Apparently there is some sort of competition happening where you can bid to get Gary Barlow to come and sing at your milestone birthday party. I have been made aware of this by the power of Twitter. As you know, I am a huge fan of Twitter, but as far as I’m concerned, the Barlow competition is a step too near the dark side for me. People have said that there is a troubling element to Twitter, and I’ve always disagreed until now.
As if it weren’t bad enough, hitting a milestone birthday, but to then have the Barlow turning up on your doorstep to croon to you? That would absolutely finish me off. They might as well just dig my grave and butter the path for me.
To be fair, it isn’t just Gary I would shun. I can’t think of a single celebrity that I would like to turn up and serenade me on my birthday. I think I am just far too British for this sort of thing. I would actually melt with embarrassment, there and then, on the spot. I would be rendered inert with the singular humiliation. It would be as if all the birthday/hen night strippers in humanity were massed in ranks of baby oiled flesh before me.
Death would be preferable.
I cannot cope with that kind of public exposure. I have never wanted to really meet anyone famous since I was about fifteen and realised that I would be required to actually speak to them rather than stare at them in goggle eyed wonderment. What do you say to people? I mean it’s hard enough speaking to people on the way to and from the school run. What do you say to people who have people who do the school run for them?
If you are me, you say utterly random things that make Miranda Hart’s repartee look like she’s been to a Swiss Finishing School specialising in witty banter and bon mots.
Things that you have learned recently, things that are crowded at the forefront of your mind, just waiting for you to open your mouth before they squeak out through your panic constricted vocal chords.
‘Did you know that male goats urinate on their own heads to make themselves more attractive to nanny goats? Do you ever wonder how they do that? I mean, they don’t look that bendy, do they?’
‘Did you know that the term ‘git’ used to denote the child of a prostitute? I wonder if it comes from a bastardisation of the word ‘beget’?’
‘Did you know that the stuffed effigy of Lenin in Red Square looks a bit like that painting of The Lady of Shalott?
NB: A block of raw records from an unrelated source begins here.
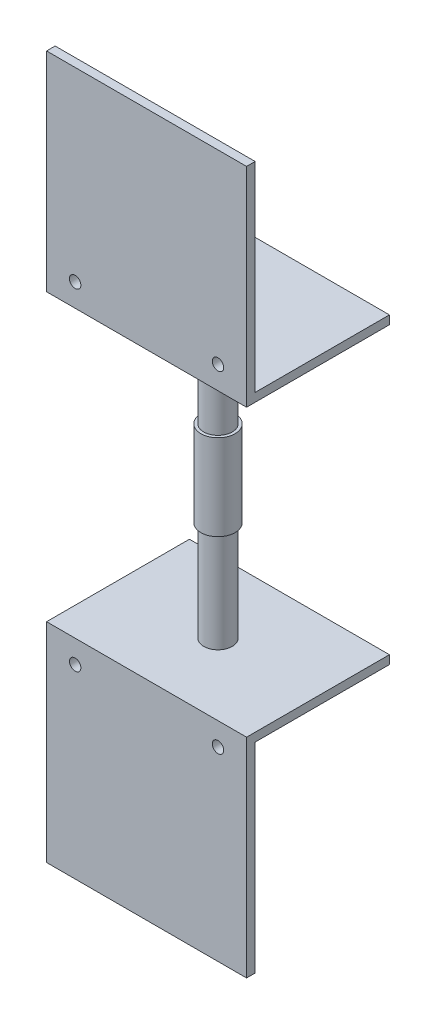
SolidWorks part; units mm, degrees
ref_plane "Front Plane" through (0, 0, 0) normal (0, 0, 1) x (1, 0, 0)
ref_plane "Top Plane" through (0, 0, 0) normal (0, 1, 0) x (1, 0, 0)
ref_plane "Right Plane" through (0, 0, 0) normal (1, 0, 0) x (0, 0, -1)
sketch "Sketch1" plane through (0, 0, 0) normal (0, 1, 0) x (1, 0, 0)
  line L1 (35, -25) -> (-35, -25)
  line L2 (35, -25) -> (35, 25)
  line L3 (35, 25) -> (-35, 25)
  line L4 (-35, -25) -> (-35, 25)
  line L5 (35, -25) -> (-35, 25) construction
  line L6 (35, 25) -> (-35, -25) construction
  point P0 (0, 0)
  dimension "D1" = 70
  dimension "D2" = 50
extrude "Boss-Extrude1" add sketch "Sketch1" along normal blind 3
sketch "Sketch2" plane through (0, 3, 0) normal (0, 1, 0) x (1, 0, 0)
  line L0 (35, -25) -> (35, 25) construction
  line L1 (-35, -25) -> (35, -25)
  line L2 (-35, -25) -> (-35, -22)
  line L3 (-35, -22) -> (35, -22)
  line L4 (35, -25) -> (35, -22)
  dimension "D1" = 3
extrude "Boss-Extrude2" add sketch "Sketch2" along normal blind 70
sketch "Sketch3" plane through (0, 0, 22) normal (0, 0, -1) x (-1, 0, 0)
  line L0 (0, 3) -> (0, 82.5604) construction
  line L1 (-35, 3) -> (35, 3) construction
  line L2 (-35, 3) -> (35, 3) construction
  circle A0 centre (25, 8) radius 2
  circle A1 centre (-25, 8) radius 2
  dimension "D1" = 4
  dimension "D4" = 4
  dimension "D2" = 25
  dimension "D3" = 5
  dimension "D5" = 25
  dimension "D6" = 5
extrude "Cut-Extrude1" cut sketch "Sketch3" against normal blind 6
sketch "Sketch4" plane through (0, 0, 0) normal (0, -1, 0) x (1, 0, 0)
  circle A0 centre (0, 0) radius 5
  dimension "D1" = 10
extrude "Boss-Extrude3" add sketch "Sketch4" along normal blind 35
sketch "Sketch5" plane through (0, -35, 0) normal (0, -1, 0) x (1, 0, 0)
  circle A0 centre (0, 0) radius 6
  dimension "D1" = 12
extrude "Boss-Extrude4" add sketch "Sketch5" along normal blind 30
sketch "Sketch6" plane through (0, -65, 0) normal (0, -1, 0) x (1, 0, 0)
  circle A0 centre (0, 0) radius 5
  dimension "D1" = 10
extrude "Boss-Extrude5" add sketch "Sketch6" along normal blind 35
sketch "Sketch7" plane through (0, -100, 0) normal (0, -1, 0) x (1, 0, 0)
  line L1 (-35, -25) -> (35, -25)
  line L2 (-35, -25) -> (-35, 25)
  line L3 (-35, 25) -> (35, 25)
  line L4 (35, -25) -> (35, 25)
  line L5 (-35, -25) -> (35, 25) construction
  line L6 (-35, 25) -> (35, -25) construction
  point P0 (0, 0)
extrude "Boss-Extrude6" add sketch "Sketch7" along normal blind 3
sketch "Sketch8" plane through (0, -103, 0) normal (0, -1, 0) x (1, 0, 0)
  line L0 (35, -25) -> (35, 25) construction
  line L1 (-35, 25) -> (35, 25)
  line L2 (-35, 25) -> (-35, 22)
  line L3 (-35, 22) -> (35, 22)
  line L4 (35, 25) -> (35, 22)
  dimension "D1" = 3
extrude "Boss-Extrude7" add sketch "Sketch8" along normal blind 70
sketch "Sketch9" plane through (0, 0, 22) normal (0, 0, -1) x (-1, 0, 0)
  line L0 (0, -103) -> (0, -158.4802) construction
  line L1 (35, -103) -> (-35, -103) construction
  line L2 (35, -103) -> (-35, -103) construction
  circle A0 centre (-25, -108) radius 2
  circle A1 centre (25, -108) radius 2
  dimension "D1" = 4
  dimension "D2" = 4
  dimension "D3" = 5
  dimension "D4" = 5
  dimension "D5" = 25
  dimension "D6" = 25
extrude "Cut-Extrude2" cut sketch "Sketch9" against normal blind 70

And he’s not even the real Lenin. They had to replace him after the first one went a bit funny. I wonder what happened to him? Do you think he got the moth, or maybe he was eaten by mice? Perhaps it was both.’
‘Did you know that in lacrosse, there are more women in a team than there are men? There are twelve in a ladies’ team and ten in a men’s team. What’s that all about then? Do you think male lacrosse players are wider and therefore you need fewer of them to plug the gaps?’
That sort of thing.
It’s probably why I never have birthday parties, not even milestone ones, and definitely not celebrity ones.